(Records from a data collection)
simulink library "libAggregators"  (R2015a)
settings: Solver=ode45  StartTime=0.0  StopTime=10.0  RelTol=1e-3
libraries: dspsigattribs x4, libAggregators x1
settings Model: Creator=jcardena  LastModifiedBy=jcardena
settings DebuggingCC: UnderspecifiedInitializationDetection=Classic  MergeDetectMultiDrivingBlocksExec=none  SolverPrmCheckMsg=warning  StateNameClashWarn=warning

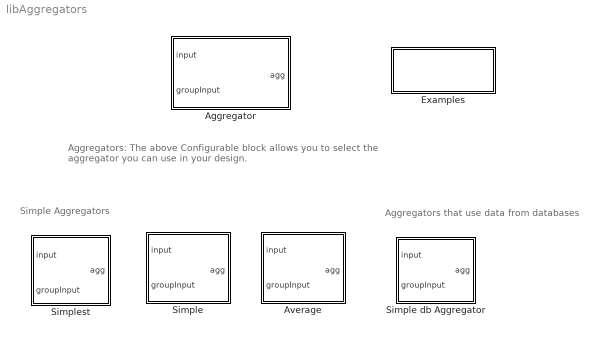
== system libAggregators ==
  note: Aggregators that use data from databases
  note: Simple Aggregators
  note: Aggregators: The above Configurable block allows you to select the aggregator you can use in your design.
  Aggregator : Subsystem  BlockChoice=Average
      settings: TemplateBlock=self  MemberBlocks=Average,Simple,Simple db Aggregator,Simplest
  Average : Subsystem  mask(aggregatingBlock){gVal=1}
      mask prompts: gVal "Grouping expression or value"
      mask help: An Aggregator classifies data rows from a single input link into groups and computes totals or other aggregate functions for each group. The averaged totals for each group are output from the stage via an output port.
      settings: RTWFcnNameOpts=Use subsystem name  RTWFileNameOpts=Use function name
      mask Help: Enter the aggregate function
      mask Display: image('images/aggrIcon.png')
  Examples : Subsystem  mask(Aggregator Examples){}
      mask Display: disp('Aggregator\nExamples')
  Simple : Subsystem  mask(aggregatingBlock){gVal=1}
      mask prompts: gVal "Grouping expression or value"
      mask help: An Aggregator classifies data rows from a single input link into groups and computes totals or other aggregate functions for each group. The summed totals for each group are output from the stage via an output port.
      mask Help: Enter the aggregate function
      mask Display: image('images/aggrIcon.png')
  Simple db Aggregator : Subsystem
      mask Display: image('images/aggrIcon.png')
  Simplest : Subsystem
      mask Display: image('images/aggrIcon.png')

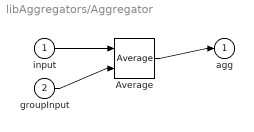
== system libAggregators/Aggregator ==
  input : Inport
  groupInput : Inport  Port=2
  Average : libAggregators/Average  gVal=1
  agg : Outport
  wires:
  input/1 -> Average/1
  groupInput/1 -> Average/2
  Average/1 -> agg/1

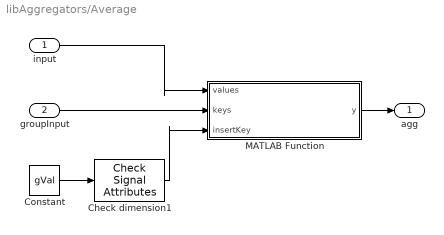
== system libAggregators/Average ==
  input : Inport
  groupInput : Inport  Port=2
  Check dimension1 : dspsigattribs/Check Signal Attributes  SigAttribCheckMethod=Does not match attributes exactly  Complexity=Ignore  Frame=Ignore  DimsCheckMethod=Is...  Dimensions=Vector (1-D or 2-D)  DatatypeCheckMethod=Ignore  DatatypeGeneral=Floating-point  DtypeFloatSpecific=Any floating-point  DtypeFixedSpecific=Any fixed-point  DtypeIntSpecific=Any integer  SampleMode=Ignore
  Constant : Constant  Value=gVal
  MATLAB Function : MATLAB Function  TreatAsAtomicUnit=on
      settings: RTWSystemCode=Inline
  agg : Outport
  wires:
  input/1 -> MATLAB Function/1(values)
  groupInput/1 -> MATLAB Function/2(keys)
  Constant/1 -> Check dimension1/1
  MATLAB Function/1(y) -> agg/1
  Check dimension1/1 -> MATLAB Function/3(insertKey)

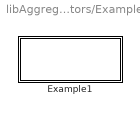
== system libAggregators/Examples ==
  Example1 : Subsystem
      settings: OpenFcn=read_simulated_unitIDs_example

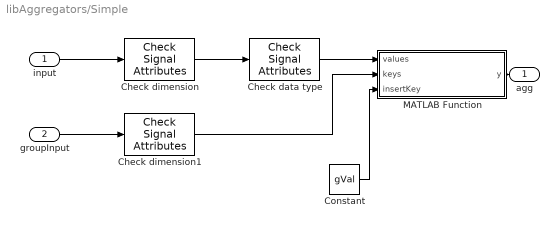
== system libAggregators/Simple ==
  input : Inport
  groupInput : Inport  Port=2
  Check data type : dspsigattribs/Check Signal Attributes  SigAttribCheckMethod=Does not match attributes exactly  Complexity=Ignore  Frame=Ignore  DimsCheckMethod=Ignore  Dimensions=Full matrix (2-D)  DatatypeCheckMethod=Is...  DatatypeGeneral=Floating-point  DtypeFloatSpecific=Double precision  DtypeFixedSpecific=Any fixed-point  DtypeIntSpecific=Any integer  SampleMode=Ignore
  Check dimension : dspsigattribs/Check Signal Attributes  SigAttribCheckMethod=Does not match attributes exactly  Complexity=Ignore  Frame=Ignore  DimsCheckMethod=Is...  Dimensions=Vector (1-D or 2-D)  DatatypeCheckMethod=Ignore  DatatypeGeneral=Floating-point  DtypeFloatSpecific=Any floating-point  DtypeFixedSpecific=Any fixed-point  DtypeIntSpecific=Any integer  SampleMode=Ignore
  Check dimension1 : dspsigattribs/Check Signal Attributes  SigAttribCheckMethod=Does not match attributes exactly  Complexity=Ignore  Frame=Ignore  DimsCheckMethod=Is...  Dimensions=Vector (1-D or 2-D)  DatatypeCheckMethod=Ignore  DatatypeGeneral=Floating-point  DtypeFloatSpecific=Any floating-point  DtypeFixedSpecific=Any fixed-point  DtypeIntSpecific=Any integer  SampleMode=Ignore
  Constant : Constant  Value=gVal
  MATLAB Function : MATLAB Function  TreatAsAtomicUnit=on
      settings: RTWSystemCode=Inline
  agg : Outport
  wires:
  groupInput/1 -> Check dimension1/1
  Check dimension/1 -> Check data type/1
  input/1 -> Check dimension/1
  Check dimension1/1 -> MATLAB Function/2(keys)
  MATLAB Function/1(y) -> agg/1
  Check data type/1 -> MATLAB Function/1(values)
  Constant/1 -> MATLAB Function/3(insertKey)

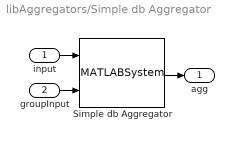
== system libAggregators/Simple db Aggregator ==
  input : Inport
  groupInput : Inport  Port=2
  Simple db Aggregator : MATLABSystem  System=db_Aggregator_mtlbSysBlock  SimulateUsing=Code generation
      mask Type: db_Aggregator_mtlbSysBlock
      mask Display:
      | disp('db_Aggregator_mtlbSysBlock');
      | port_label('input',1,'input');
      | port_label('input',2,'gropuInput');
      | port_label('output',1,'agg');
  agg : Outport
  wires:
  input/1 -> Simple db Aggregator/1
  groupInput/1 -> Simple db Aggregator/2
  Simple db Aggregator/1 -> agg/1

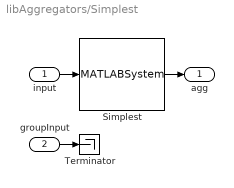
== system libAggregators/Simplest ==
  input : Inport
  groupInput : Inport  Port=2
  Simplest : MATLABSystem  System=simplestAggregator_mtlbSysBlock
      mask Type: simplestAggregator_mtlbSysBlock
      mask Display:
      | disp('Simplest');
      | port_label('input',1,'u');
      | port_label('output',1,'agg');
  Terminator : Terminator
  agg : Outport
  wires:
  input/1 -> Simplest/1
  Simplest/1 -> agg/1
  groupInput/1 -> Terminator/1

== system libAggregators/Examples/Example1 ==

== matlab function libAggregators/Average/MATLAB Function ==
  data: values input; y output; keys input; insertKey input
function y = avgAggr(values, keys, insertKey)
%#codegen
index = keys == insertKey;
y = mean(values(index));

== matlab function libAggregators/Simple/MATLAB Function ==
  data: values input; y output; keys input; insertKey input
function y = sumAggr(values, keys, insertKey)
%#codegen
index = keys == insertKey;
y = sum(values(index));

▶ [What you are asked to do] Please retype every entry above exactly, leaving out any picture.

▶ [Reply]
simulink library "libAggregators"  (R2015a)
settings: Solver=ode45  StartTime=0.0  StopTime=10.0  RelTol=1e-3
libraries: dspsigattribs x4, libAggregators x1
settings Model: Creator=jcardena  LastModifiedBy=jcardena
settings DebuggingCC: UnderspecifiedInitializationDetection=Classic  MergeDetectMultiDrivingBlocksExec=none  SolverPrmCheckMsg=warning  StateNameClashWarn=warning

== system libAggregators ==
  note: Aggregators that use data from databases
  note: Simple Aggregators
  note: Aggregators: The above Configurable block allows you to select the aggregator you can use in your design.
  Aggregator : Subsystem  BlockChoice=Average
      settings: TemplateBlock=self  MemberBlocks=Average,Simple,Simple db Aggregator,Simplest
  Average : Subsystem  mask(aggregatingBlock){gVal=1}
      mask prompts: gVal "Grouping expression or value"
      mask help: An Aggregator classifies data rows from a single input link into groups and computes totals or other aggregate functions for each group. The averaged totals for each group are output from the stage via an output port.
      settings: RTWFcnNameOpts=Use subsystem name  RTWFileNameOpts=Use function name
      mask Help: Enter the aggregate function
      mask Display: image('images/aggrIcon.png')
  Examples : Subsystem  mask(Aggregator Examples){}
      mask Display: disp('Aggregator\nExamples')
  Simple : Subsystem  mask(aggregatingBlock){gVal=1}
      mask prompts: gVal "Grouping expression or value"
      mask help: An Aggregator classifies data rows from a single input link into groups and computes totals or other aggregate functions for each group. The summed totals for each group are output from the stage via an output port.
      mask Help: Enter the aggregate function
      mask Display: image('images/aggrIcon.png')
  Simple db Aggregator : Subsystem
      mask Display: image('images/aggrIcon.png')
  Simplest : Subsystem
      mask Display: image('images/aggrIcon.png')

== system libAggregators/Aggregator ==
  input : Inport
  groupInput : Inport  Port=2
  Average : libAggregators/Average  gVal=1
  agg : Outport
  wires:
  input/1 -> Average/1
  groupInput/1 -> Average/2
  Average/1 -> agg/1

== system libAggregators/Average ==
  input : Inport
  groupInput : Inport  Port=2
  Check dimension1 : dspsigattribs/Check Signal Attributes  SigAttribCheckMethod=Does not match attributes exactly  Complexity=Ignore  Frame=Ignore  DimsCheckMethod=Is...  Dimensions=Vector (1-D or 2-D)  DatatypeCheckMethod=Ignore  DatatypeGeneral=Floating-point  DtypeFloatSpecific=Any floating-point  DtypeFixedSpecific=Any fixed-point  DtypeIntSpecific=Any integer  SampleMode=Ignore
  Constant : Constant  Value=gVal
  MATLAB Function : MATLAB Function  TreatAsAtomicUnit=on
      settings: RTWSystemCode=Inline
  agg : Outport
  wires:
  input/1 -> MATLAB Function/1(values)
  groupInput/1 -> MATLAB Function/2(keys)
  Constant/1 -> Check dimension1/1
  MATLAB Function/1(y) -> agg/1
  Check dimension1/1 -> MATLAB Function/3(insertKey)

== system libAggregators/Examples ==
  Example1 : Subsystem
      settings: OpenFcn=read_simulated_unitIDs_example

== system libAggregators/Simple ==
  input : Inport
  groupInput : Inport  Port=2
  Check data type : dspsigattribs/Check Signal Attributes  SigAttribCheckMethod=Does not match attributes exactly  Complexity=Ignore  Frame=Ignore  DimsCheckMethod=Ignore  Dimensions=Full matrix (2-D)  DatatypeCheckMethod=Is...  DatatypeGeneral=Floating-point  DtypeFloatSpecific=Double precision  DtypeFixedSpecific=Any fixed-point  DtypeIntSpecific=Any integer  SampleMode=Ignore
  Check dimension : dspsigattribs/Check Signal Attributes  SigAttribCheckMethod=Does not match attributes exactly  Complexity=Ignore  Frame=Ignore  DimsCheckMethod=Is...  Dimensions=Vector (1-D or 2-D)  DatatypeCheckMethod=Ignore  DatatypeGeneral=Floating-point  DtypeFloatSpecific=Any floating-point  DtypeFixedSpecific=Any fixed-point  DtypeIntSpecific=Any integer  SampleMode=Ignore
  Check dimension1 : dspsigattribs/Check Signal Attributes  SigAttribCheckMethod=Does not match attributes exactly  Complexity=Ignore  Frame=Ignore  DimsCheckMethod=Is...  Dimensions=Vector (1-D or 2-D)  DatatypeCheckMethod=Ignore  DatatypeGeneral=Floating-point  DtypeFloatSpecific=Any floating-point  DtypeFixedSpecific=Any fixed-point  DtypeIntSpecific=Any integer  SampleMode=Ignore
  Constant : Constant  Value=gVal
  MATLAB Function : MATLAB Function  TreatAsAtomicUnit=on
      settings: RTWSystemCode=Inline
  agg : Outport
  wires:
  groupInput/1 -> Check dimension1/1
  Check dimension/1 -> Check data type/1
  input/1 -> Check dimension/1
  Check dimension1/1 -> MATLAB Function/2(keys)
  MATLAB Function/1(y) -> agg/1
  Check data type/1 -> MATLAB Function/1(values)
  Constant/1 -> MATLAB Function/3(insertKey)

== system libAggregators/Simple db Aggregator ==
  input : Inport
  groupInput : Inport  Port=2
  Simple db Aggregator : MATLABSystem  System=db_Aggregator_mtlbSysBlock  SimulateUsing=Code generation
      mask Type: db_Aggregator_mtlbSysBlock
      mask Display:
      | disp('db_Aggregator_mtlbSysBlock');
      | port_label('input',1,'input');
      | port_label('input',2,'gropuInput');
      | port_label('output',1,'agg');
  agg : Outport
  wires:
  input/1 -> Simple db Aggregator/1
  groupInput/1 -> Simple db Aggregator/2
  Simple db Aggregator/1 -> agg/1

== system libAggregators/Simplest ==
  input : Inport
  groupInput : Inport  Port=2
  Simplest : MATLABSystem  System=simplestAggregator_mtlbSysBlock
      mask Type: simplestAggregator_mtlbSysBlock
      mask Display:
      | disp('Simplest');
      | port_label('input',1,'u');
      | port_label('output',1,'agg');
  Terminator : Terminator
  agg : Outport
  wires:
  input/1 -> Simplest/1
  Simplest/1 -> agg/1
  groupInput/1 -> Terminator/1

== system libAggregators/Examples/Example1 ==

== matlab function libAggregators/Average/MATLAB Function ==
  data: values input; y output; keys input; insertKey input
function y = avgAggr(values, keys, insertKey)
%#codegen
index = keys == insertKey;
y = mean(values(index));

== matlab function libAggregators/Simple/MATLAB Function ==
  data: values input; y output; keys input; insertKey input
function y = sumAggr(values, keys, insertKey)
%#codegen
index = keys == insertKey;
y = sum(values(index));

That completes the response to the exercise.